**Records provided**
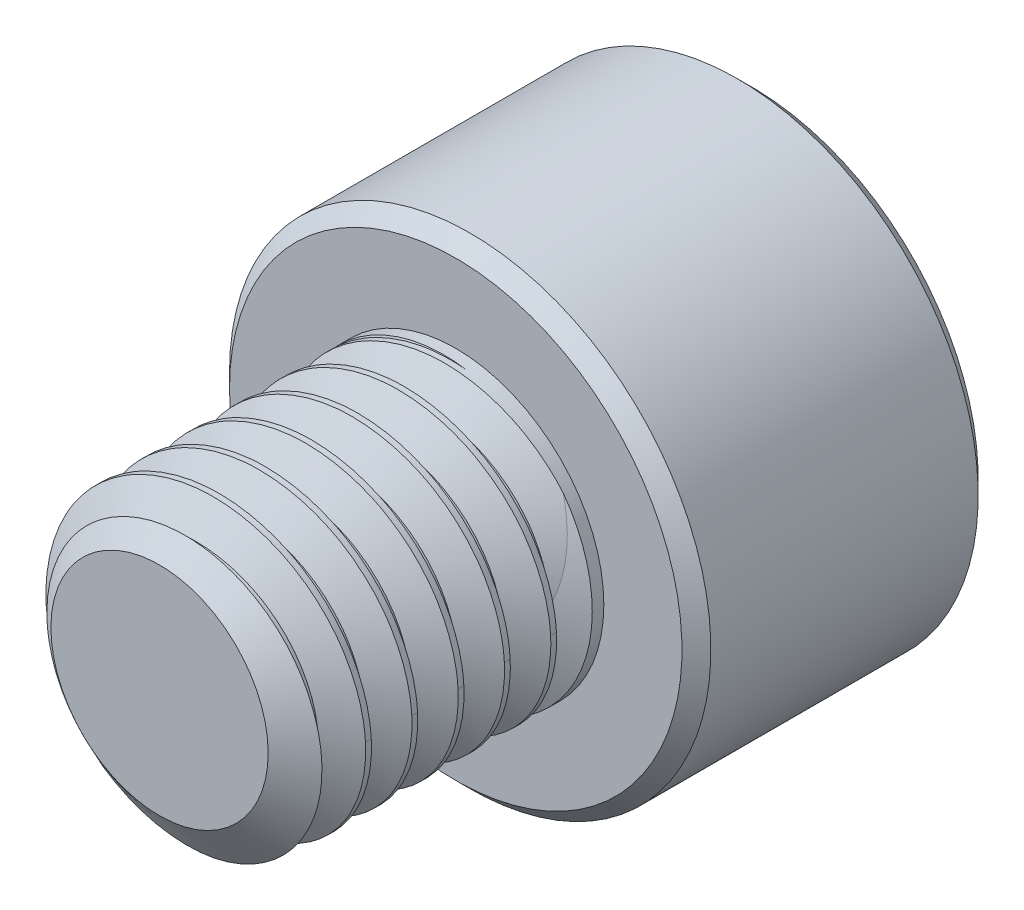
SolidWorks part; units mm, degrees
ref_plane "Front Plane" through (0, 0, 0) normal (0, 0, 1) x (1, 0, 0)
ref_plane "Top Plane" through (0, 0, 0) normal (0, 1, 0) x (1, 0, 0)
ref_plane "Right Plane" through (0, 0, 0) normal (1, 0, 0) x (0, 0, -1)
sketch "Sketch1" plane through (0, 0, 0) normal (0, 0, 1) x (1, 0, 0)
  circle A0 centre (0, 0) radius 4
  dimension "OD" = 8
extrude "Extrude1" add sketch "Sketch1" against normal blind 8
sketch "Sketch2" plane through (0, 0, 0) normal (0, 0, 1) x (1, 0, 0)
  circle A0 centre (0, 0) radius 4 construction
  circle A1 centre (0, 0) radius 4
curve "Helix/Spiral1" pitch 1.25 height 9.25 turns 7.4 parameters "pitch"=1.25
sketch "Sketch3" plane through (0, 0, 0) normal (1, 0, 0) x (0, 0, -1)
  line L0 (-1.0938, 4) -> (-0.625, 3.1881)
  line L1 (-0.625, 3.1881) -> (-0.4688, 3.1881)
  line L2 (-0.4688, 3.1881) -> (0, 4)
  line L3 (-1.0938, 4) -> (0, 4)
  line L4 (-0.5469, 4) -> (-0.5469, 3.1881) construction
  line L5 (-0.8594, 3.5941) -> (-0.2344, 3.5941) construction
  line L6 (0, 4) -> (0, -4) construction
  line L7 (0, -4) -> (8, -4) construction
  point P11 (5.625, -4)
  dimension "D1" = 0.1562
  dimension "D2" = 0.625
  dimension "D3" = 60
  dimension "D4" = 5.625
sweep "Cut-Sweep1" cut profiles "Sketch3" path "Helix/Spiral1" align with end faces yes
sketch "Sketch4" plane through (0, 0, 0) normal (1, 0, 0) x (0, 0, -1)
  line L0 (0.7464, 4) -> (0, 2.9341)
  line L1 (0, 2.9341) -> (0, 4)
  line L2 (0.7464, 4) -> (0, 4)
  line L3 (-1.0938, 4) -> (0, 4) construction
  line L4 (0, 0) -> (7.0209, 0) construction
  dimension "D1" = 55
  dimension "D2" = 0.254
revolve "Cut-Revolve1" cut sketch "Sketch4" angle 360 about L4
sketch "Sketch5" plane through (0, 0, 0) normal (1, 0, 0) x (0, 0, -1)
  line L0 (8, -0.6) -> (8, 3.4196) construction
  line L1 (8, 4) -> (84.1202, 4)
  line L2 (8, 4) -> (8, 0)
  line L3 (8, 0) -> (84, 0)
  line L4 (84, 3.6698) -> (84, 0)
  line L5 (84.1202, 4) -> (84, 3.6698)
  line L6 (0, 0) -> (9.9695, 0) construction
  point P3 (84, 4)
  point P10 (84, 4)
  dimension "D1" = 0.3302
  dimension "Thread min" = 84
  dimension "D3" = 20
revolve "partially thread" [suppressed] add sketch "Sketch5" angle 360 about L6
sketch "Sketch6" plane through (0, 0, -8) normal (0, 0, -1) x (-1, 0, 0)
  circle A0 centre (0, 0) radius 6.5
  dimension "head dia" = 13
extrude "Extrude2" add sketch "Sketch6" along normal blind 8
sketch "Sketch7" plane through (0, 0, -16) normal (0, 0, -1) x (-1, 0, 0)
  line L1 (0, 3.4641) -> (-3, 1.7321)
  line L2 (-3, 1.7321) -> (-3, -1.7321)
  line L3 (-3, -1.7321) -> (0, -3.4641)
  line L4 (0, -3.4641) -> (3, -1.7321)
  line L5 (3, -1.7321) -> (3, 1.7321)
  line L6 (3, 1.7321) -> (0, 3.4641)
  circle A0 centre (0, 0) radius 3 construction
  dimension "hex dia" = 6
extrude "Cut-Extrude1" cut sketch "Sketch7" against normal blind 4.5
sketch "Sketch8" plane through (0, 0, -16) normal (0, 0, -1) x (-1, 0, 0)
  circle A0 centre (0, 0) radius 3.4641
extrude "Cut-Extrude2" cut sketch "Sketch8" against normal through all draft 45
chamfer "Chamfer1" distance 0.39 angle 45 2 edges at (-6.5, 0, -16) (-6.5, 0, -8)
sketch "Sketch9" plane through (0, 0, 0) normal (1, 0, 0) x (0, 0, -1)
  line L0 (0, 4) -> (0, -4) construction
  line L1 (6.875, 4) -> (6.875, -4) construction
  dimension "D1" = 6.875
sketch "Sketch10" plane through (0, 0, 0) normal (1, 0, 0) x (0, 0, -1)
  line L0 (8, 4) -> (8, 0)
  line L1 (8, 4) -> (7.6875, 4)
  line L2 (7.6875, 4) -> (6.0306, 0)
  line L3 (8, 0) -> (6.0306, 0)
  line L4 (8, 6.11) -> (8, -6.11) construction
  dimension "D1" = 22.5
  dimension "D2" = 0.3125
revolve "Revolve1" add sketch "Sketch10" angle 360 about L3
equation "\"D3@Helix/Spiral1\" = \"screw length@Extrude1\"+\"pitch@Helix/Spiral1\""
equation "\"D1@Sketch3\" = \"pitch@Helix/Spiral1\"*.125"
equation "\"D2@Sketch3\" = \"pitch@Helix/Spiral1\"*.5"
equation "\"D1@Cut-Extrude1\" = \"hex dia@Sketch7\"*.75"
equation "\"D1@Chamfer1\" = \"head dia@Sketch6\"*.03"
equation "\"D1@Sketch9\" = \"pitch@Helix/Spiral1\"*5.5"
equation "\"D2@Sketch10\" = \"pitch@Helix/Spiral1\"*.25"
equation "\"D4@Sketch3\" = \"pitch@Helix/Spiral1\"*4.50"
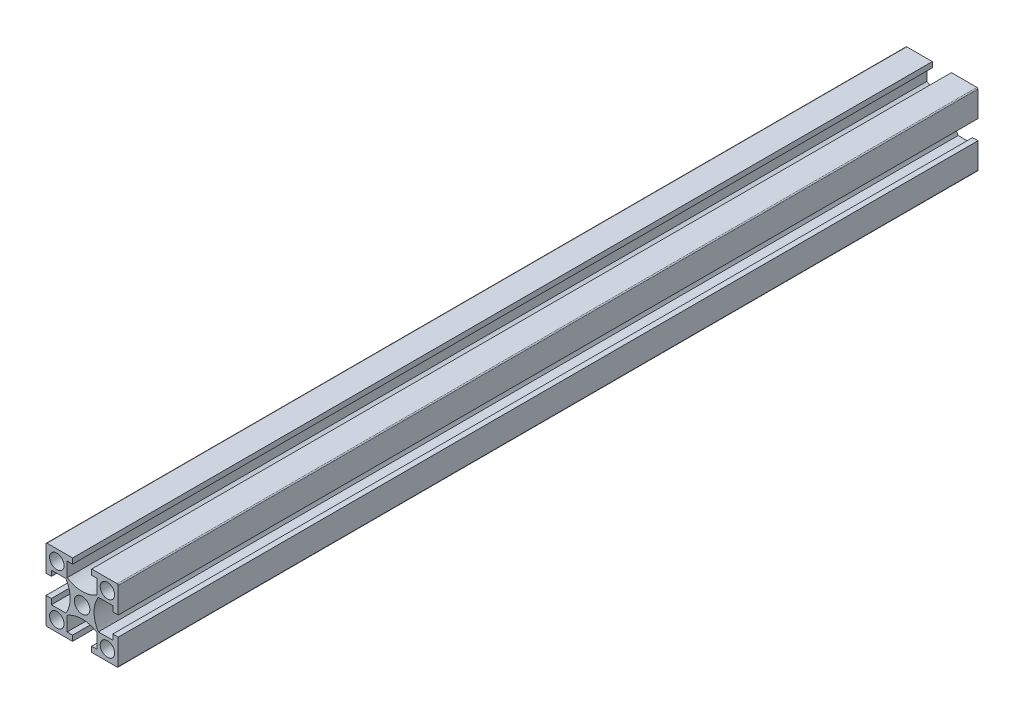
SolidWorks part; units mm, degrees
material "3.0255 (EN-AW 1350A)"
ref_plane "정면" through (0, 0, 0) normal (0, 0, 1) x (1, 0, 0)
ref_plane "윗면" through (0, 0, 0) normal (0, 1, 0) x (1, 0, 0)
ref_plane "우측면" through (0, 0, 0) normal (1, 0, 0) x (0, 0, -1)
sketch "스케치1" plane through (0, 0, 0) normal (0, 0, 1) x (1, 0, 0)
  line L0 (0, 32.0265) -> (0, -31.6588) construction
  line L1 (-10, 10) -> (-10, -10)
  line L2 (-10, 10) -> (10, 10)
  line L3 (-10, 2.65) -> (-8.5, 2.65)
  line L4 (13.6618, 0) -> (-11.6993, 0) construction
  line L5 (-8.5, 2.65) -> (-8.5, 4.15)
  line L6 (-8.5, 4.15) -> (-4.5032, 4.15)
  line L7 (-10, -2.65) -> (-8.5, -2.65)
  line L8 (-8.5, -2.65) -> (-8.5, -4.15)
  line L9 (-8.5, -4.15) -> (-4.5032, -4.15)
  line L10 (-10, -10) -> (10, -10)
  line L11 (10, 10) -> (10, -10)
  circle A0 centre (-7, 7) radius 2
  circle A1 centre (-7, -7) radius 2
  arc A2 (-4.5032, 4.15) -> (-4.5032, -4.15) centre (-11.0587, 0) cw
  circle A3 centre (0, 0) radius 2.15
  circle A4 centre (7, 7) radius 2
  circle A5 centre (7, -7) radius 2
  point P21 (-10, 0)
  point P23 (-3.3, 0)
  point P31 (0, -10)
  point P32 (0, 10)
  dimension "D3" = 4
  dimension "D9" = 6.7
  dimension "D10" = 4.3
  dimension "D11" = 7.7587
  dimension "D1" = 20
  dimension "D2" = 20
  dimension "D4" = 14
  dimension "D5" = 14
  dimension "D6" = 5.3
  dimension "D7" = 8.3
  dimension "D8" = 1.5
extrude "보스-돌출1" add sketch "스케치1" along normal blind 238 contours A0 | A4 | A3 | A5 | A1 | A2 L6 L5 L3 L1 L7 L8 L9 | L2 L11 L10 L1 region at (-6.6069, 0, 0) region at (-7, 7, 0) region at (-7, -7, 0) region at (0, 0, 0) region at (7, 7, 0) region at (7, -7, 0)
extrude "컷-돌출1" cut sketch "스케치1<3>" along normal up to next contours A2 L6 L5 L3 L1 L7 L8 L9 region at (-6.6069, 0, 0)
sketch "스케치1<3>" plane through (0, 0, 0) normal (0, 0, 1) x (1, 0, 0) same geometry as "스케치1"
pattern_circular "원형 패턴1" count 4 over 360 about axis through (0, 0, 238) along (0, 0, -1) of "컷-돌출1" reverse direction yes
fillet "필렛1" radius 0.3 4 edges at (10, -10, 119) (-10, -10, 119) (-10, 10, 119) (10, 10, 119)

**Description of the task**
Your answer must be a copy of every line in the data above that holds the string "edges".

**Response for this exercise**
chamfer "Chamfer1" distance 0.39 angle 45 2 edges at (-6.5, 0, -16) (-6.5, 0, -8)
fillet "필렛1" radius 0.3 4 edges at (10, -10, 119) (-10, -10, 119) (-10, 10, 119) (10, 10, 119)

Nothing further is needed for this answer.